Method and system for providing automated conversations
Embodiments of a method and system for facilitating improvement of a user condition through tailored communication with a user can include receiving a log of use dataset associated with a digital communication behavior at a mobile device, the log of use dataset further associated with a time period; receiving a mobility supplementary dataset corresponding to a mobility-related sensor of the mobile device, the mobility supplementary dataset associated with the time period; determining a tailored communication plan for the user based on at least one of the log of use dataset and the mobility supplementary dataset; transmitting, based on the tailored communication plan, a communication to the user at the mobile device; and promoting a therapeutic intervention to the user in association with transmitting the communication.
1 . A method for treating a user with a sleep condition, the method comprising:
receiving;
a log of use dataset associated with a user at a mobile device, the log of use dataset comprising a message sent between the user and a care provider, and
a mobility dataset;
receiving a care provider dataset comprising a care provider observation associated with the user;
improving operation of a processing system configured to generate a tailored communication plan for the user based on a trained communication model,
wherein improving operation comprises improving speed of retrieval of the trained communication model from a plurality of trained communication models based upon a user identifier of the user;
with the trained communication model comprising a generative neural network, generating an automated communication that is personalized to the user and based on the care provider dataset, the mobility dataset, and the log of use dataset, wherein the automated communication comprises an audio-based treatment operable to address the sleep condition; and
transmitting the automated communication to the mobile device of the user, wherein the automated communication promotes the audio-based treatment to the user.
2 . The method of claim 1 , further comprising updating a care provider match for the user.
3 . The method of claim 1 , wherein the log of use dataset further comprises geographical location data and historic communications between the user and a provider, and generating an automated communication further comprises:
determining a communication schedule associated with a location,
extracting when the user is at the location, and
triggering the automated communication based on the communication schedule.
4 . The method of claim 1 , further comprising automatically initiating provision of a therapeutic intervention for the user.
5 . The method of claim 4 , wherein the therapeutic intervention comprises guided reflective journaling.
6 . The method of claim 4 , wherein the therapeutic intervention comprises at least one of: a dietary intervention, a medication intervention, an auditory intervention, a health-related notification, therapy, a physical intervention, or a scheduling-based intervention.
7 . The method of claim 1 , further comprising training the communication model by applying reinforcement learning for maximizing a reward associated with user mental health outcomes.
8 . The method of claim 1 , further comprising receiving an approval from the care provider to transmit the automated communication prior to transmitting the automated communication to the mobile device.
9 . The method of claim 1 , wherein the method is performed in response to transitioning the user to a new care provider.

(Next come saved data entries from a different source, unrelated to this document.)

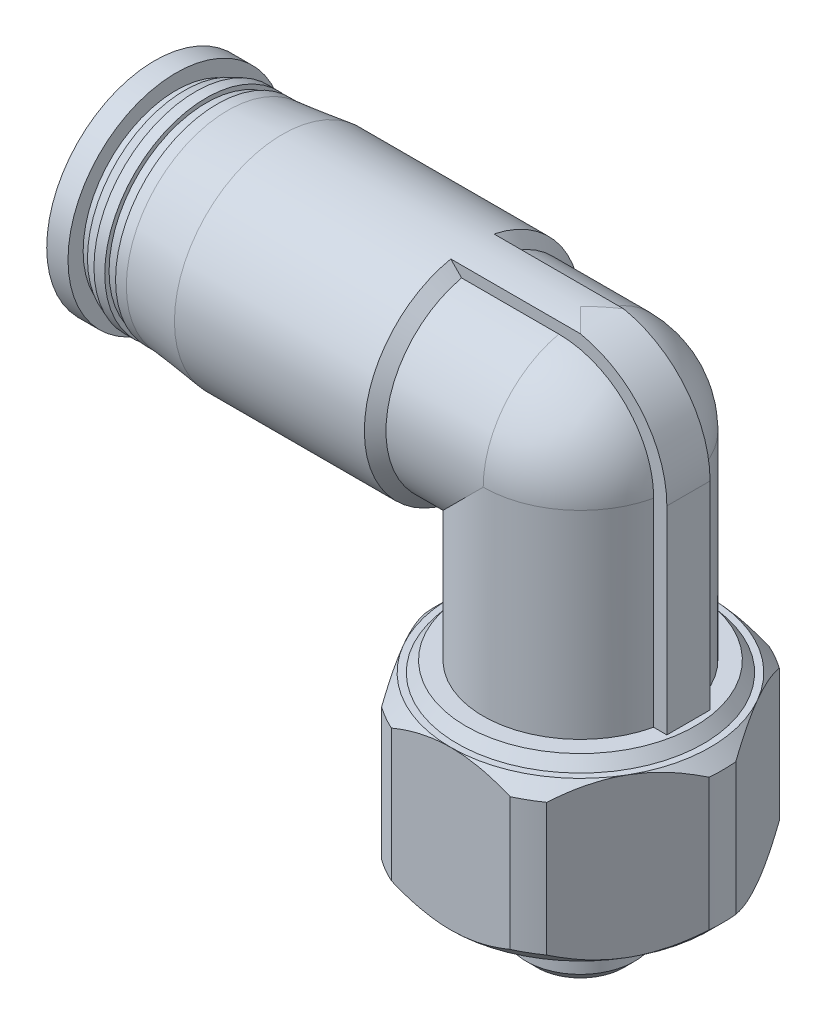
SolidWorks part; units mm, degrees
ref_plane "Front Plane" through (0, 0, 0) normal (0, 0, 1) x (1, 0, 0)
ref_plane "Top Plane" through (0, 0, 0) normal (0, 1, 0) x (1, 0, 0)
ref_plane "Right Plane" through (0, 0, 0) normal (1, 0, 0) x (0, 0, -1)
ref_plane "Plane1" through (0, 0, 0) normal (0, 0, 1) x (1, 0, 0)
sketch "Sketch1" plane through (0, 0, 0) normal (0, 0, 1) x (1, 0, 0)
  line L0 (0, 0) -> (-6, 0)
  line L1 (-6, 0) -> (-6.6, 0.6)
  line L2 (-6.6, 0.6) -> (-6.6, 6.7214)
  line L3 (-6.6, 6.7214) -> (-6, 7.3214)
  line L4 (-6, 7.3214) -> (-5.7, 7.3214)
  line L5 (-5.7, 7.3214) -> (-5.3, 7.8214)
  line L6 (-5.3, 7.8214) -> (-4.5, 7.8214)
  line L7 (-4.5, 7.8214) -> (-4.5, 17)
  line L8 (-4.5, 17) -> (0, 17)
  line L9 (0, 17) -> (0, 0)
  line L10 (0, 17) -> (0, 0) construction
revolve "Revolve1" add sketch "Sketch1" angle 360 about L10 reverse direction yes
ref_plane "Plane2" through (0, 0, 0) normal (0, 0, 1) x (1, 0, 0)
sketch "Sketch2" plane through (0, 0, 0) normal (0, 0, 1) x (1, 0, 0)
  line L0 (0, -3.5) -> (-2.0095, -3.5)
  line L1 (-2.0095, -3.5) -> (-2.5, -3.0095)
  line L2 (-2.5, -3.0095) -> (-2.5, -0.5)
  line L3 (-2.5, -0.5) -> (-3.6, -0.5)
  line L4 (-3.6, -0.5) -> (-3.6, 0)
  line L5 (-3.6, 0) -> (0, 0)
  line L6 (0, 0) -> (0, -3.5)
  line L7 (0, 0) -> (0, -3.5) construction
revolve "Revolve2" add sketch "Sketch2" angle 360 about L7 reverse direction yes
cosmetic thread "Cosmetic Thread1" parameters "D1"=3, "D2"=4.019
ref_plane "Plane3" through (0, 0, 0) normal (0, 1, 0) x (1, 0, 0)
sketch "Sketch3" plane through (0, 0, 0) normal (0, 1, 0) x (1, 0, 0)
  line L0 (-12, -12) -> (12, -12)
  line L1 (12, -12) -> (12, 12)
  line L2 (12, 12) -> (-12, 12)
  line L3 (-12, 12) -> (-12, -12)
  line L4 (-6.9282, 0) -> (-3.4641, -6)
  line L5 (-3.4641, -6) -> (3.4641, -6)
  line L6 (3.4641, -6) -> (6.9282, 0)
  line L7 (6.9282, 0) -> (3.4641, 6)
  line L8 (3.4641, 6) -> (-3.4641, 6)
  line L9 (-3.4641, 6) -> (-6.9282, 0)
extrude "Cut-Extrude1" cut sketch "Sketch3" along normal blind 8.2
ref_plane "Plane4" through (0, 0, 0) normal (0, 0, 1) x (1, 0, 0)
sketch "Sketch4" plane through (0, 0, 0) normal (0, 0, 1) x (1, 0, 0)
  line L0 (-19.7, 17) -> (-19.7, 22)
  line L1 (-19.7, 22) -> (-18.715, 22)
  line L2 (-18.715, 22) -> (-18.715, 21.3)
  line L3 (-18.715, 21.3) -> (-18.315, 21.3)
  line L4 (-18.315, 21.3) -> (-18.315, 21.5)
  line L5 (-18.315, 21.5) -> (-17.815, 21.7)
  line L6 (-17.815, 21.7) -> (-17.315, 21.7)
  line L7 (-17.315, 21.7) -> (-17.315, 21.5)
  line L8 (-17.315, 21.5) -> (-16.815, 21.5)
  line L9 (-16.815, 21.5) -> (-16.815, 21.7)
  line L10 (-16.815, 21.7) -> (-16.315, 21.7)
  line L11 (-16.315, 21.7) -> (-13.79, 22)
  line L12 (-13.79, 22) -> (-5, 22)
  line L13 (-5, 22) -> (-4.5, 21.5)
  line L14 (-4.5, 21.5) -> (0, 21.5)
  line L15 (4.5, 17) -> (-19.7, 17)
  line L16 (4.5, 17) -> (-19.7, 17) construction
  arc A0 (0, 21.5) -> (4.5, 17) centre (0, 17) cw
revolve "Revolve3" add sketch "Sketch4" angle 360 about L16 reverse direction yes
ref_plane "Plane5" through (0, 0, 0) normal (0, 0, 1) x (1, 0, 0)
sketch "Sketch5" plane through (0, 0, 0) normal (0, 0, 1) x (1, 0, 0)
  line L0 (-5, 17) -> (0, 17)
  line L1 (0, 17) -> (0, 5.7)
  line L2 (0, 5.7) -> (5, 5.7)
  line L3 (5, 5.7) -> (5, 17)
  line L4 (0, 22) -> (-5, 22)
  line L5 (-5, 22) -> (-5, 17)
  arc A0 (5, 17) -> (0, 22) centre (0, 17) ccw
extrude "Boss-Extrude1" add sketch "Sketch5" against normal blind 1 and the other way blind 1
ref_plane "Plane6" through (0, 0, 0) normal (1, 0, 0) x (0, 0, -1)
sketch "Sketch6" plane through (0, 0, 0) normal (1, 0, 0) x (0, 0, -1)
  circle A0 centre (0, 17) radius 2
extrude "Cut-Extrude2" cut sketch "Sketch6" against normal blind 19.7
ref_plane "Plane7" through (0, 0, 0) normal (0, 0, 1) x (1, 0, 0)
sketch "Sketch7" plane through (0, 0, 0) normal (0, 0, 1) x (1, 0, 0)
  line L0 (0, -3.5) -> (-1.25, -3.5)
  line L1 (-1.25, -3.5) -> (-1.25, 1)
  line L2 (-1.25, 1) -> (-2, 1)
  line L3 (-2, 1) -> (-2, 17)
  line L4 (0, 19) -> (0, -3.5)
  line L5 (0, 19) -> (0, -3.5) construction
  arc A0 (-2, 17) -> (0, 19) centre (0, 17) cw
revolve "Cut-Revolve1" cut sketch "Sketch7" angle 360 about L5 reverse direction yes
ref_plane "Plane8" through (0, 0, 0) normal (0, 0, 1) x (1, 0, 0)
sketch "Sketch8" plane through (0, 0, 0) normal (0, 0, 1) x (1, 0, 0)
  line L0 (-7, 24) -> (-7, 22)
  line L1 (-7, 22) -> (3, 22)
  line L2 (3, 22) -> (3, 24)
  line L3 (3, 24) -> (-7, 24)
  line L4 (3, 17) -> (-7, 17) construction
revolve "Cut-Revolve2" cut sketch "Sketch8" angle 30 about L4 other way angle 30 reverse direction yes

10 . The method of claim 1 , further comprising updating the communication model based on subsequent inputs received from the user, wherein updating the communication model comprises updating a set of model weights assigned to features extracted from the inputs received from the user.
11 . A system comprising:
a communication determination system operating on a processor, wherein the communication determination system is configured to, during a communication between a user and a care provider:
receive a set of digital communications comprising a message from a mobile device;
using a communication model, label the log of use dataset with a set of topic tags, wherein the communication model is:
trained on a training dataset comprising a set of messages with associated topic tags, and
further refined with reinforcement learning based on a user outcome;
retrieving a subset of potential automated communications associated with each topic tag in the set of topic tags;
prompt a care provider to provide a care provider dataset;
in response to receiving the care provider dataset, with the communication model, generating an automated communication based on the care provider dataset and the set of digital communications; and
updating the communication model with reinforcement learning to maximize the user outcome; and
transmitting the automated communication to the mobile device as a response to the message.
12 . The system of claim 11 , wherein the communication model comprises a generative neural network model.
13 . The system of claim 12 , wherein, with the communication model, generating the automated communication is further based on a medical history of the user.
14 . The system of claim 11 , wherein the communication determination system is further configured to train the communication model by applying reinforcement learning for maximizing a reward associated with the communication model accurately mimicking a set of observed care provider communications.
15 . The system of claim 11 , wherein the care provider dataset comprises a survey response associated with a user condition of the user, wherein the survey is filled out by the care provider.
16 . The system of claim 11 , wherein the communication determination system is further configured to tag the set of digital communications with a set of one or more topic tags, wherein the automated message is generated further based on the set of one or more topic tags.
17 . The system of claim 11 , further comprising a treatment system operating on the processor, wherein the treatment system is operable to rank a plurality of users of the system for communication provision.
18 . The system of claim 11 , wherein the communication determination system is further configured to modify the automated communication based on a supplemental input from the care provider.
19 . The system of claim 11 , wherein the communication determination system is further configured to determine a user eligibility metric indicative of a suitability of the user to receive automated communications.
20 . The system of claim 11 , wherein the communication determination system is further configured to provide an alert to the care provider based upon an analysis of the communication between the user and the care provider.